Two ginkgo trees must go: The Great Council says yes to the redesign of Rümelinsplatz
More seats, no more steps: it will make Rümelinsplatz in downtown Basel even more attractive. But the Great Council is troubled by two trees being cut down.
Rümelinsplatz and the adjacent streets will become an attractive meeting place. According to the government council, the redesign project could cost 4.4 million francs. It is now up to the Great Council to approve the report.
Most agree that Rümelinsplatz, which was last renovated in 1970, is worth a fresh coat of paint. More than 50 years ago, the place was designed so that there was room for traffic. The sidewalks still remind us of this day. Due to its central location like Rümelinsplatz, it is unattractive to pedestrians, the Committee on Environment, Transport and Energy (UVEK) wrote in its report.
Jinkus could not survive the construction work unscathed
In the future, the square should invite people to stay, gastronomy to use them and be available to everyone without steps. So far, so good. However, the plan to replace the two existing ginkgo trees with three filament trees has caused significant criticism and opposition. The Lääbe County Assembly in the inner city resists.
Emmanuel Troup, head of the Basel City Nursery, explained to bz: He doubts ginkgo will survive the change unscathed. Deadwood formation can also be observed in the treetops of the two trees, indicating a lack of supply.

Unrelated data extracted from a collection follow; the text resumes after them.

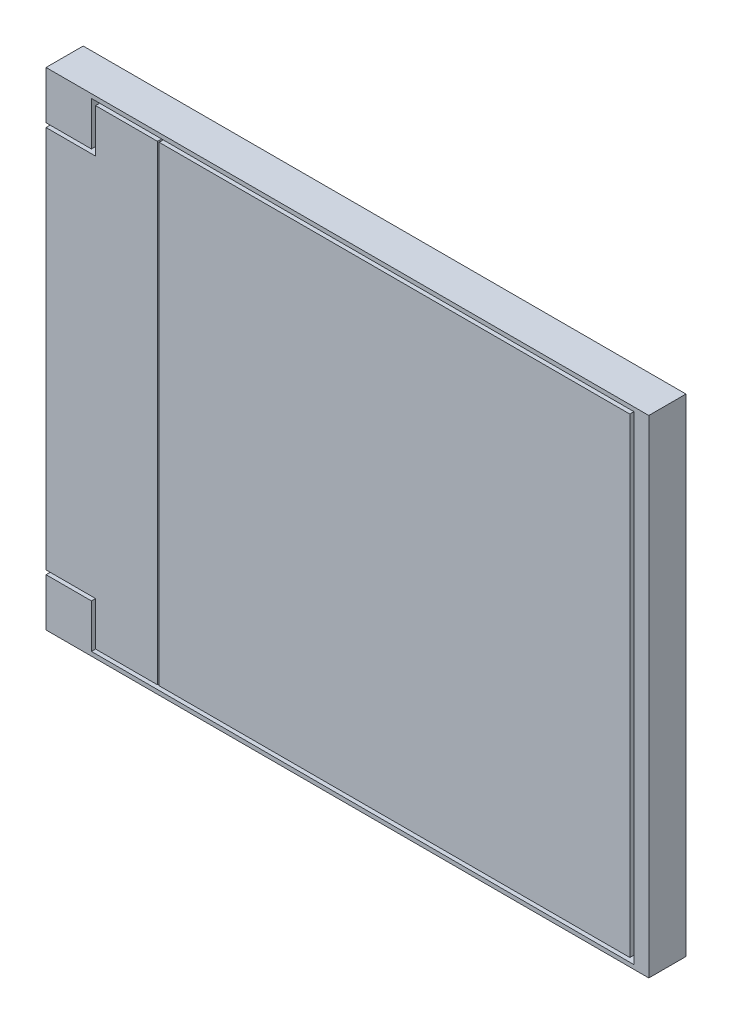
ISO-10303-21;
HEADER;
FILE_DESCRIPTION(('STEP AP214'),'2;1');
FILE_NAME('part.step','',(''),(''),'','','');
FILE_SCHEMA(('AUTOMOTIVE_DESIGN { 1 0 10303 214 1 1 1 1 }'));
ENDSEC;
DATA;
#1=APPLICATION_CONTEXT('core data for automotive mechanical design processes');
#2=APPLICATION_PROTOCOL_DEFINITION('international standard','automotive_design',2000,#1);
#3=PRODUCT_CONTEXT('',#1,'mechanical');
#4=PRODUCT('Part','Part','',(#3));
#5=PRODUCT_RELATED_PRODUCT_CATEGORY('part','',(#4));
#6=PRODUCT_DEFINITION_FORMATION('','',#4);
#7=PRODUCT_DEFINITION_CONTEXT('part definition',#1,'design');
#8=PRODUCT_DEFINITION('design','',#6,#7);
#9=PRODUCT_DEFINITION_SHAPE('','',#8);
#10=(LENGTH_UNIT() NAMED_UNIT(*) SI_UNIT(.MILLI.,.METRE.));
#11=(NAMED_UNIT(*) PLANE_ANGLE_UNIT() SI_UNIT($,.RADIAN.));
#12=(NAMED_UNIT(*) SI_UNIT($,.STERADIAN.) SOLID_ANGLE_UNIT());
#13=UNCERTAINTY_MEASURE_WITH_UNIT(LENGTH_MEASURE(1.E-05),#10,'distance_accuracy_value','');
#14=(GEOMETRIC_REPRESENTATION_CONTEXT(3) GLOBAL_UNCERTAINTY_ASSIGNED_CONTEXT((#13)) GLOBAL_UNIT_ASSIGNED_CONTEXT((#10,
#11,#12)) REPRESENTATION_CONTEXT('',''));
#15=CARTESIAN_POINT('',(0.,0.,0.));
#16=DIRECTION('',(0.,0.,1.));
#17=DIRECTION('',(1.,0.,0.));
#18=AXIS2_PLACEMENT_3D('',#15,#16,#17);
#19=CARTESIAN_POINT('',(35.6,0.,2.25));
#20=DIRECTION('',(-1.,0.,0.));
#21=DIRECTION('',(0.,0.,1.));
#22=AXIS2_PLACEMENT_3D('',#19,#20,#21);
#23=PLANE('',#22);
#24=DIRECTION('',(0.,1.,0.));
#25=VECTOR('',#24,1.);
#26=CARTESIAN_POINT('',(35.6,0.,0.1));
#27=LINE('',#26,#25);
#28=CARTESIAN_POINT('',(35.6,0.25,0.0999999999999998));
#29=VERTEX_POINT('',#28);
#30=CARTESIAN_POINT('',(35.6,29.25,0.0999999999999998));
#31=VERTEX_POINT('',#30);
#32=EDGE_CURVE('E477',#29,#31,#27,.T.);
#33=ORIENTED_EDGE('',*,*,#32,.F.);
#34=DIRECTION('',(0.,0.,-1.));
#35=VECTOR('',#34,1.);
#36=CARTESIAN_POINT('',(35.6,0.25,2.25));
#37=LINE('',#36,#35);
#38=CARTESIAN_POINT('',(35.6,0.25,2.25));
#39=VERTEX_POINT('',#38);
#40=EDGE_CURVE('E11',#39,#29,#37,.T.);
#41=ORIENTED_EDGE('',*,*,#40,.F.);
#42=DIRECTION('',(0.,1.,0.));
#43=VECTOR('',#42,1.);
#44=CARTESIAN_POINT('',(35.6,0.,2.25));
#45=LINE('',#44,#43);
#46=CARTESIAN_POINT('',(35.6,29.25,2.25));
#47=VERTEX_POINT('',#46);
#48=EDGE_CURVE('E499',#39,#47,#45,.T.);
#49=ORIENTED_EDGE('',*,*,#48,.T.);
#50=DIRECTION('',(0.,0.,-1.));
#51=VECTOR('',#50,1.);
#52=CARTESIAN_POINT('',(35.6,29.25,2.25));
#53=LINE('',#52,#51);
#54=EDGE_CURVE('E536',#47,#31,#53,.T.);
#55=ORIENTED_EDGE('',*,*,#54,.T.);
#56=EDGE_LOOP('',(#33,#41,#49,#55));
#57=FACE_BOUND('',#56,.T.);
#58=ADVANCED_FACE('F43',(#57),#23,.T.);
#59=CARTESIAN_POINT('',(0.,0.25,2.25));
#60=DIRECTION('',(0.,1.,0.));
#61=DIRECTION('',(0.,0.,1.));
#62=AXIS2_PLACEMENT_3D('',#59,#60,#61);
#63=PLANE('',#62);
#64=DIRECTION('',(1.,0.,0.));
#65=VECTOR('',#64,1.);
#66=CARTESIAN_POINT('',(0.,0.25,0.1));
#67=LINE('',#66,#65);
#68=CARTESIAN_POINT('',(2.75,0.25,0.0999999999999998));
#69=VERTEX_POINT('',#68);
#70=EDGE_CURVE('E473',#69,#29,#67,.T.);
#71=ORIENTED_EDGE('',*,*,#70,.F.);
#72=DIRECTION('',(0.,0.,-1.));
#73=VECTOR('',#72,1.);
#74=CARTESIAN_POINT('',(2.75,0.25,2.25));
#75=LINE('',#74,#73);
#76=CARTESIAN_POINT('',(2.75,0.25,2.25));
#77=VERTEX_POINT('',#76);
#78=EDGE_CURVE('E51',#77,#69,#75,.T.);
#79=ORIENTED_EDGE('',*,*,#78,.F.);
#80=DIRECTION('',(1.,0.,0.));
#81=VECTOR('',#80,1.);
#82=CARTESIAN_POINT('',(0.,0.25,2.25));
#83=LINE('',#82,#81);
#84=EDGE_CURVE('E503',#77,#39,#83,.T.);
#85=ORIENTED_EDGE('',*,*,#84,.T.);
#86=ORIENTED_EDGE('',*,*,#40,.T.);
#87=EDGE_LOOP('',(#71,#79,#85,#86));
#88=FACE_BOUND('',#87,.T.);
#89=ADVANCED_FACE('F614',(#88),#63,.T.);
#90=CARTESIAN_POINT('',(2.75,0.,2.25));
#91=DIRECTION('',(-1.,0.,0.));
#92=DIRECTION('',(0.,0.,1.));
#93=AXIS2_PLACEMENT_3D('',#90,#91,#92);
#94=PLANE('',#93);
#95=ORIENTED_EDGE('',*,*,#78,.T.);
#96=DIRECTION('',(0.,1.,0.));
#97=VECTOR('',#96,1.);
#98=CARTESIAN_POINT('',(2.75,0.,0.1));
#99=LINE('',#98,#97);
#100=CARTESIAN_POINT('',(2.75,2.9,0.0999999999999998));
#101=VERTEX_POINT('',#100);
#102=EDGE_CURVE('E488',#69,#101,#99,.T.);
#103=ORIENTED_EDGE('',*,*,#102,.T.);
#104=DIRECTION('',(0.,0.,-1.));
#105=VECTOR('',#104,1.);
#106=CARTESIAN_POINT('',(2.75,2.9,2.25));
#107=LINE('',#106,#105);
#108=CARTESIAN_POINT('',(2.75,2.9,2.25));
#109=VERTEX_POINT('',#108);
#110=EDGE_CURVE('E582',#109,#101,#107,.T.);
#111=ORIENTED_EDGE('',*,*,#110,.F.);
#112=DIRECTION('',(0.,1.,0.));
#113=VECTOR('',#112,1.);
#114=CARTESIAN_POINT('',(2.75,0.,2.25));
#115=LINE('',#114,#113);
#116=EDGE_CURVE('E508',#77,#109,#115,.T.);
#117=ORIENTED_EDGE('',*,*,#116,.F.);
#118=EDGE_LOOP('',(#95,#103,#111,#117));
#119=FACE_BOUND('',#118,.T.);
#120=ADVANCED_FACE('F590',(#119),#94,.F.);
#121=CARTESIAN_POINT('',(0.,2.9,2.25));
#122=DIRECTION('',(0.,1.,0.));
#123=DIRECTION('',(-1.,0.,0.));
#124=AXIS2_PLACEMENT_3D('',#121,#122,#123);
#125=PLANE('',#124);
#126=DIRECTION('',(1.,0.,0.));
#127=VECTOR('',#126,1.);
#128=CARTESIAN_POINT('',(0.,2.9,0.1));
#129=LINE('',#128,#127);
#130=CARTESIAN_POINT('',(0.,2.9,0.0999999999999998));
#131=VERTEX_POINT('',#130);
#132=EDGE_CURVE('E495',#131,#101,#129,.T.);
#133=ORIENTED_EDGE('',*,*,#132,.F.);
#134=DIRECTION('',(0.,0.,-1.));
#135=VECTOR('',#134,1.);
#136=CARTESIAN_POINT('',(0.,2.9,2.25));
#137=LINE('',#136,#135);
#138=CARTESIAN_POINT('',(0.,2.9,2.25));
#139=VERTEX_POINT('',#138);
#140=EDGE_CURVE('E578',#139,#131,#137,.T.);
#141=ORIENTED_EDGE('',*,*,#140,.F.);
#142=DIRECTION('',(1.,0.,0.));
#143=VECTOR('',#142,1.);
#144=CARTESIAN_POINT('',(0.,2.9,2.25));
#145=LINE('',#144,#143);
#146=EDGE_CURVE('E511',#139,#109,#145,.T.);
#147=ORIENTED_EDGE('',*,*,#146,.T.);
#148=ORIENTED_EDGE('',*,*,#110,.T.);
#149=EDGE_LOOP('',(#133,#141,#147,#148));
#150=FACE_BOUND('',#149,.T.);
#151=ADVANCED_FACE('F605',(#150),#125,.T.);
#152=CARTESIAN_POINT('',(0.,0.,2.25));
#153=DIRECTION('',(0.,1.,0.));
#154=DIRECTION('',(0.,0.,1.));
#155=AXIS2_PLACEMENT_3D('',#152,#153,#154);
#156=PLANE('',#155);
#157=DIRECTION('',(1.,0.,0.));
#158=VECTOR('',#157,1.);
#159=CARTESIAN_POINT('',(0.,0.,0.));
#160=LINE('',#159,#158);
#161=CARTESIAN_POINT('',(0.,0.,0.));
#162=VERTEX_POINT('',#161);
#163=CARTESIAN_POINT('',(36.5,0.,0.));
#164=VERTEX_POINT('',#163);
#165=EDGE_CURVE('E540',#162,#164,#160,.T.);
#166=ORIENTED_EDGE('',*,*,#165,.T.);
#167=DIRECTION('',(0.,0.,-1.));
#168=VECTOR('',#167,1.);
#169=CARTESIAN_POINT('',(36.5,0.,2.25));
#170=LINE('',#169,#168);
#171=CARTESIAN_POINT('',(36.5,0.,2.25));
#172=VERTEX_POINT('',#171);
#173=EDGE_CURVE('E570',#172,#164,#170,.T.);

Linden was rescued by Yufk and council member
Government consultant and construction manager Esther Keeler (GLP) defended the project in the Grand Council. Rümelinsplatz now doesn’t have the quality of being there. But we only touch the pitches when renovation is needed.” Together with UVEK, it has now been carefully considered how to upgrade the box.
It regrets that trees have fallen victim to the project. “Four trees should have been cut down first, but the two linden trees are now left and the ginkgo is replaced by three. The vault:
“Sometimes it makes sense to remove a tree and plant new ones.”
Unholy alliance of two ginkgo
“Give these two ginkgoes a chance. Planning takes that thinking from the tree. That is why you reject this deal,” says Oliver Thommen (GAB) in his vote as spokesperson for the parliamentary group. The conversion must be designed to be compatible with these creatures, trees are not garden benches.
The Ginkgoians even made an unholy alliance at the Great Council: the first vice president also criticizes the felling of trees. “We reject the deal,” said group spokesman Pete Schaller. “The government should allow the ginkgo trees to live and give up extra bike parking spaces.” But the party satisfied with the rest of the advice.
“Let’s not waste tax money unnecessarily”
“where is the problem?” asks Brigitte Kohn, a GLP consultant. Thanks to the current project, there will be more trees in the yard in the future, and the transformation is the result of many years of work and extensive discussions. Con: “The additional four rope trees provide more shade and bind more CO2 Like ginkgo. It also grows faster and is more biodiversity friendly. So let’s not waste tax money unnecessarily.” A refusal may delay work by five years or carry out only necessary renovations, which will not make the place more attractive.
The Great Council finally decides against the rejection. Parliament then approved the report by 61 votes to 20 against, with five abstentions.